- The task
Every line in the data below that includes "width" belongs in the answer, copied as it stands.

Stored entries
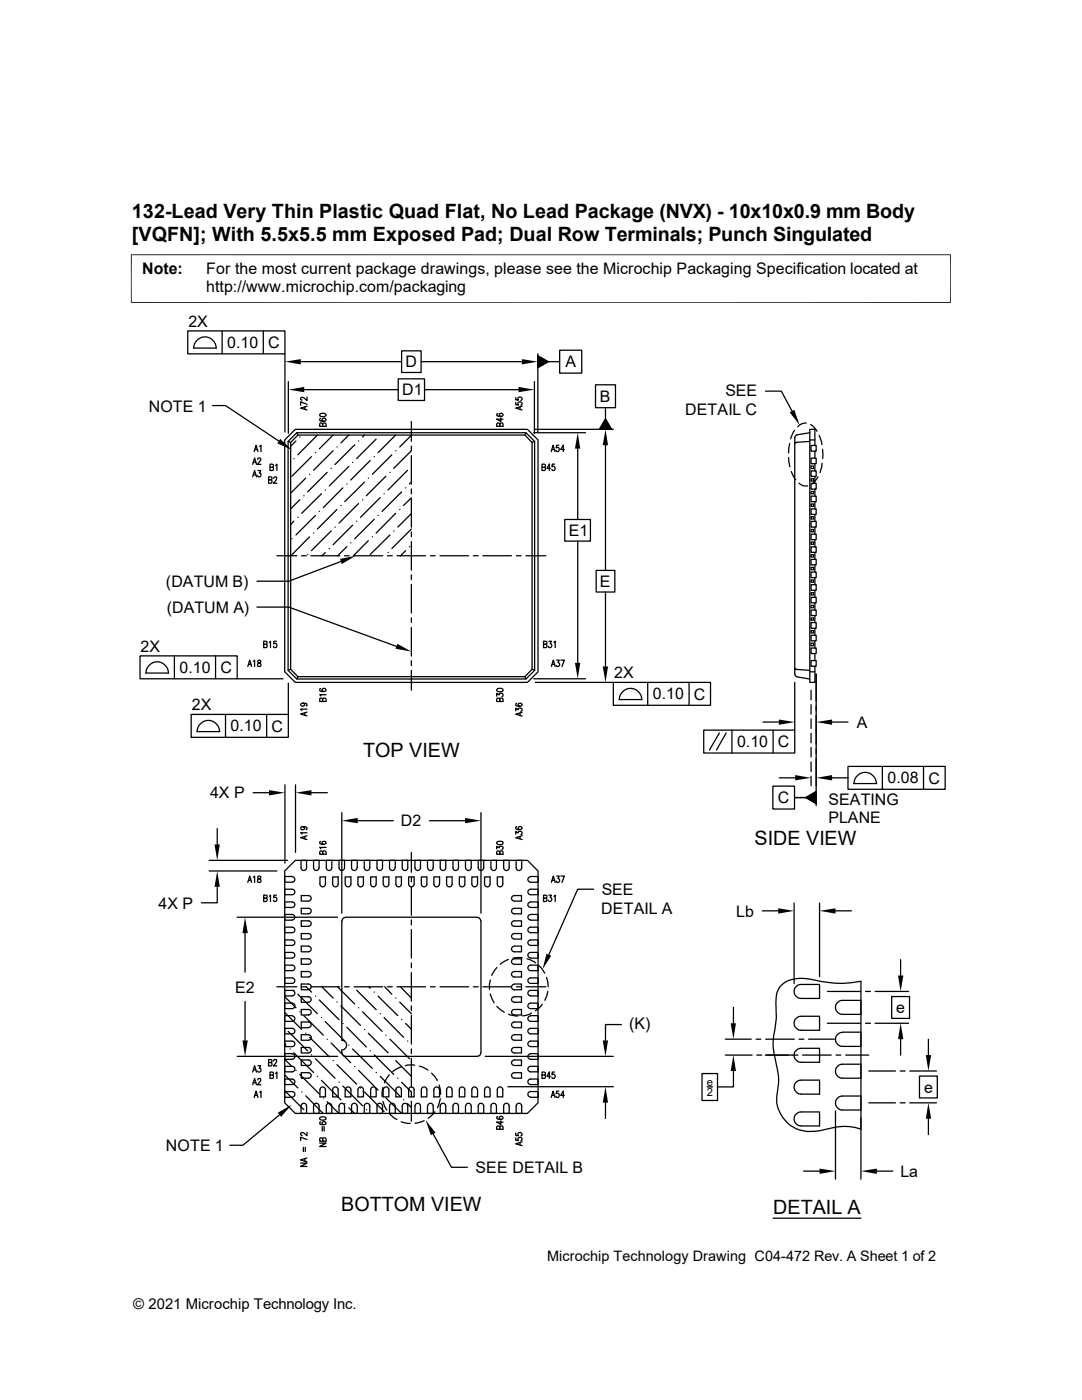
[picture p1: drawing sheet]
<svg xmlns="http://www.w3.org/2000/svg" width="216mm" height="279mm" viewBox="0 0 216 279" stroke-linecap="round" stroke-linejoin="round" font-family="sans-serif">
<g fill="none" stroke="#000" stroke-width=".25">
<path d="M37.5 66h19.4v4.6h-19.4zM38.6 69.5h4.6M38.7 69.5a2.24 2.24 0 0 1 2.2-2.3 2.24 2.24 0 0 1 2.2 2.3M44.3 66v4.6M52.5 66v4.6M56.9 70.6v15.6M57.5 76.2v10.3M60 72.2h20.1M60.7 77.8h18.8M61.3 79.2v.7l-.6-.5a.34 .34 0 0 0-.5-.1 .34 .34 0 0 0-.1 .5h.2M79.5 75.6h5.2v4.3h-5.2zM80.1 70h3.9v4.3h-3.9z"/>
<path d="M84 72.2h20.1M84.7 77.8h18.8M102.9 79.3v.5h.6a.37 .37 0 0 1 0-.5 .37 .37 0 0 1 .6 .1 .37 .37 0 0 1-.2 .5M106.6 76.2v10.3M107.3 71l2.1 1.2-2.1 1.2zM107.3 70.6v15.6M109.4 72.2h2.3M111.7 69.9h4.4v4.6h-4.4zM118.8 76.8h4v4.6h-4zM152.7 78.1h3.2l2.1 3.9M42.4 80.9h2.6l10.6 7.1M50.4 92.7l.4-1.3 .4 1.3"/>
<path d="M50.4 95.2l.4-1.3 .4 1.3M50.5 92.2h.6M50.5 94.7h.6M50.7 90.1l.4-1.2 .4 1.2M50.8 89.7h.6M51.4 91.7a.3 .3 0 0 1 .4-.3 .3 .3 0 0 1 .2 .5l-.6 .8h.7M51.5 93.9h.5l-.3 .5a.37 .37 0 0 1 .3 .6 .37 .37 0 0 1-.6-.1M51.8 89.1l.3-.2v1.2M53.6 95.8l.6-.1v-.5h-.6v1.2h.6l.1-.4-.2-.2M53.9 93.3l.6-.2v-.3l-.2-.2h-.4v1.3h.6l.1-.4-.3-.2M54.6 95.5a.3 .3 0 0 1 .4-.3 .3 .3 0 0 1 .2 .4l-.6 .8h.6M55 92.9l.2-.3v1.3"/>
<path d="M57.5 88.1l.5 .2M58.6 91.5h.1M58.9 85.7h46.3l2.2 2.1v46.3l-2.2 2.1h-46.3l-2.1-2.1v-46.3zM59.1 88l-1.1 1.1M59.2 86.4h45.7l1.8 1.7v45.7l-1.8 1.7h-45.7l-1.7-1.7v-45.7zM59.2 86.4l.2 .4M59.4 86.8h45.3l1.5 1.5v45.3l-1.5 1.4h-45.3l-1.4-1.4v-45.3zM59.8 87.2h.1M59.8 99.7l-1.8 1.9M60.6 98.9h.1M60.8 81.2v.5M61 95.4l-3 3"/>
<path d="M61.3 81.1l-1.3 .3 1.3 .4M61.3 80.7l-1.3-.5v.7M61.8 94.7h.1M62.1 91.1l-3.8 3.9M62.9 90.3h.1M63.3 86.8l-3.9 4M63.8 82.6l.7-.1 .6 .3a.79 .79 0 0 1-1.3 .1zM64 83.5l-.2 .3a.75 .75 0 0 0 1.3-.1 .4 .4 0 0 0-.5-.2 .4 .4 0 0 0-.3 .4l.3 .2M64.1 98.6l-3.9 3.8M64.4 84.7l.2-.3 .3 .1 .2 .2v.4h-1.3l.1-.6h.4l.1 .6M64.9 97.8h.1M65.3 94.3l-3.9 3.9"/>
<path d="M66.1 93.5h.1M66.5 86.8l-2.8 2.8M66.5 90l-3.9 3.9M67.2 89.2h.1M68.4 97.4l-3.9 3.9M69.2 96.6h.1M69.6 86.8l-1.6 1.6M69.6 93.1l-3.9 3.9M70.4 92.3h.1M70.8 88.8l-4 3.9M71.5 88h.1M72.3 99.7h.1"/>
<path d="M72.7 86.8l-.4 .4M72.7 96.2l-3.9 3.9M73.5 95.4h.1M73.9 91.9l-3.9 3.9M74.7 91.1h.1M75.1 87.6l-3.9 3.9M75.9 99.3l-4 4M76.6 98.6h.1M77 95l-3.9 3.9M77.8 94.3h.1M78.2 90.8l-3.9 3.9M79 86.8l-3.6 3.5"/>
<path d="M79 90h.1M80.1 98.2l-3.9 3.9M80.9 97.4h.1M81.3 93.9l-3.9 3.9M82.1 86.9l-2.3 2.3M82.1 89v1l-3.5 3.5M82.1 96.2l-.4 .4M82.1 99.4l-1.6 1.5M82.1 84.1v4M82.1 90.9v5.7M82.1 97.6v1M82.1 99.5v5.7"/>
<path d="M99.3 82.6l-.2 .1a.76 .76 0 0 0 1.3 .1 .35 .35 0 0 0-.5-.3 .35 .35 0 0 0-.1 .6h.1M99.7 84.7l.2-.3 .4 .1 .1 .2v.4h-1.3l.1-.6h.5v.6M99.9 83.4v.7l-.8-.4h1.3M102.9 80.3v.5h.6a.37 .37 0 0 1 0-.5 .37 .37 0 0 1 .5 0 .37 .37 0 0 1-.1 .6M103.8 81.2v.5M104.2 81.1l-1.3 .3 1.3 .4M104.9 86.4l-.2 .4M106.5 86.4h10.3M106.7 88.1l-.5 .2M106.8 85.7h15.6M108.2 93.3l.6-.2v-.3l-.2-.2h-.4v1.3h.6v-.4l-.2-.2M109.9 93.5h-.8l.5-.9v1.3"/>
<path d="M110 90.1l.4-1.2 .3 1.2M110.1 89.7h.5M110.7 92.6h-.5v.6a.38 .38 0 0 1 .5 0 .38 .38 0 0 1 0 .6 .38 .38 0 0 1-.6-.1M111.5 88.9h-.5v.5a.39 .39 0 0 1 .6 0 .39 .39 0 0 1-.1 .6l-.3 .1-.3-.2M112.6 89.7h-.7l.5-.8v1.2M115.3 89.5v14.2M120.8 83.6l1.2 2.1h-2.4zM120.8 81.4v2.2M120.8 88.9v24.9M157.4 91.3l.2 1.9M157.6 88.5l-.2 1.9M157.9 94.1l.8 1.7"/>
<path d="M158.5 85.9l-.7 1.7M158.6 87.3v47.3M158.7 88.3l-.1 .3M159 86.8l-.4 .5M159.4 96.4l.8 .5 1 .1M160.9 84.5h-.8l-.9 .7M161.6 88.1l-2.7 .2-.2 .1M161.6 86.4l-2.6 .4M161.6 87.8h1M161.8 84.7l.6 .5 .6 .9M161.8 99h1.1v1.1h-1.1zM161.8 96.5h1.1v1.1h-1.1z"/>
<path d="M161.8 98.1h.5v.5h-.5zM161.8 94h1.1v1.1h-1.1zM161.8 95.5h.5v.5h-.5zM161.8 91.4h1.1v1.1h-1.1zM161.8 93h.5v.5h-.5zM161.8 88.9h1.1v1.1h-1.1zM162.6 88.9v-3.2h-1v50.5h1v-3.2M162.6 90v1.4M162.6 92.5v1.5M162.6 95.1v1.4M162.6 97.6v1.4M163.2 95.2l-1.2 1.4"/>
<path d="M163.4 86.9l.6 1.8M164 92.5l-.4 1.8M164.1 89.7l.1 1.8M55.2 110.9h4M58.3 107.5h.1M58.6 104l-.6 .7M59.4 103.3h.1M60.2 110.9h.9M61.4 110.7h.1M61.8 107.1l-3.8 3.9M62.1 110.9h5.7M62.6 106.4h.1"/>
<path d="M62.9 102.9l-3.8 3.9M63.7 102.1h.1M64.9 110.3l-.7 .7M65.7 109.5h.1M66.1 106l-4 3.9M66.8 105.2h.1M67.2 101.7l-3.9 3.9M68 112.1l-10.4 3.9h-6.3M68 100.9h.1M68.7 110.9h1M69.2 109.1l-1.8 1.9M70 108.3h.1"/>
<path d="M70.4 104.8l-3.9 3.9M70.7 110.9h5.7M71.2 104h.1M71.5 100.5l-3.9 3.9M73.5 107.9l-3 3.1M74.3 107.1h.1M74.7 103.6l-3.9 3.9M75.4 102.9h.1M77.3 110.9h1M77.4 110.3h.1M77.8 106.8l-3.9 3.9M78.6 106h.1"/>
<path d="M79 102.4l-3.9 4M79.2 110.9h5.7M79.8 101.7h.1M80.9 109.9l-1 1.1M81.7 109.1h.1M82.1 102.5l-2.7 2.7M82.1 105.6l-3.9 3.9M82.1 106.2v.9M82.1 108.1v5.7M82.1 114.7v1M82.1 116.6v5.7M85.9 110.9h.9"/>
<path d="M87.8 110.9h5.7M94.4 110.9h1M96.4 110.9h5.7M103 110.9h1M104.9 110.9h4M112.7 103.7h5.1v4.3h-5.1zM115.3 108v24.3M119 113.8h3.7v4.4h-3.7zM120.8 118.2v14.8M161.8 119.2h1.1v1.1h-1.1zM161.8 116.7h1.1v1.1h-1.1zM161.8 118.3h.5v.4h-.5z"/>
<path d="M161.8 114.2h1.1v1.1h-1.1zM161.8 115.7h.5v.5h-.5zM161.8 111.6h1.1v1.1h-1.1zM161.8 113.2h.5v.5h-.5zM161.8 109.1h1.1v1.1h-1.1zM161.8 110.7h.5v.5h-.5zM161.8 106.6h1.1v1.1h-1.1zM161.8 108.2h.5v.4h-.5zM161.8 104.1h1.1v1.1h-1.1zM161.8 105.7h.5v.4h-.5zM161.8 101.6h1.1v1.1h-1.1zM161.8 103.1h.5v.5h-.5z"/>
<path d="M161.8 100.6h.5v.4h-.5zM162.6 100.1v1.5M162.6 102.7v1.4M162.6 105.2v1.4M162.6 107.7v1.4M162.6 110.2v1.4M162.6 112.7v1.5M162.6 115.3v1.4M162.6 117.8v1.4M27.9 130.9h19.4v4.6h-19.4zM29.1 134.3h4.6M29.1 134.3a2.24 2.24 0 0 1 2.3-2.2 2.24 2.24 0 0 1 2.2 2.2"/>
<path d="M34.8 130.9v4.6M43 130.9v4.6M47.3 135.5h9.2M49.4 133l.4-1.3 .4 1.3M49.6 132.6h.5M50.5 132l.3-.3v1.3M51.3 121.2h6.3l21.5 7.8M51.5 131.8v.4a.46 .46 0 0 1 .5 .2 .46 .46 0 0 1-.2 .6h-.2a.4 .4 0 0 1-.2-.5 .4 .4 0 0 1 .5-.3l.1-.2a.33 .33 0 0 0-.5-.2zM52.6 128.6l.6-.1v-.5h-.6v1.2h.6l.1-.4-.2-.2M53.8 128.2l.2-.2v1.2M55.2 128h-.5v.4a.4 .4 0 0 1 .6 .4 .4 .4 0 0 1-.7 .3v-.1M57.5 136.4v6.2"/>
<path d="M58 133.6l-.5 .2M59.4 135l-.2 .5M64 137.4l-.2 .3a.75 .75 0 0 0 1.3 0 .4 .4 0 0 0-.5-.3 .4 .4 0 0 0-.3 .5l.3 .1M64.4 139.6l.2-.3 .3 .1 .2 .2v.4h-1.3l.1-.6h.4l.1 .6M65.1 138.6h-1.3l.2 .3M82.1 123.3v.9M82.1 125.2v5.7M82.1 131.9v.9M82.1 133.8v4M99.1 138.9v-.5l.5 .3a.37 .37 0 0 1 .6-.3 .37 .37 0 0 1 0 .6M99.2 137.5l.5-.1h.5l.2 .4a.76 .76 0 0 1-1.3-.1zM99.7 139.6l.2-.3 .4 .1 .1 .2v.4h-1.3l.1-.6h.5v.6"/>
<path d="M104.7 135l.2 .5M106.2 133.6l.5 .2M106.5 135.5h10.3M106.8 136.2h15.6M108.5 128.6l.5-.1 .1-.4-.6-.1v1.2l.6-.1v-.4l-.2-.1M109.5 128h.5l-.2 .4a.39 .39 0 0 1 .3 .6 .39 .39 0 0 1-.6 .1l-.1-.1M110 133l.4-1.3 .4 1.3M110.2 132.6h.5M110.5 128.2l.3-.2v1.2M111.1 131.7h.5l-.3 .5a.36 .36 0 0 1 .3 .6 .36 .36 0 0 1-.6 0M111.9 131.7h.7l-.5 1.3M122.4 136.2h19.4v4.6h-19.4z"/>
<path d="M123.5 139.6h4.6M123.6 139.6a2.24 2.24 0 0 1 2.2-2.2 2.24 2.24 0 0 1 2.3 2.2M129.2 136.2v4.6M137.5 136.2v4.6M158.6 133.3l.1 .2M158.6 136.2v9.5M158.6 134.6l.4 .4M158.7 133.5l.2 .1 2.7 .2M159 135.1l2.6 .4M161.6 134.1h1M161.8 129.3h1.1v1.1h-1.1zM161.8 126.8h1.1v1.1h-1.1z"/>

- Written solution
<svg xmlns="http://www.w3.org/2000/svg" width="216mm" height="279mm" viewBox="0 0 216 279" stroke-linecap="round" stroke-linejoin="round" font-family="sans-serif">
<g fill="none" stroke="#000" stroke-width=".25">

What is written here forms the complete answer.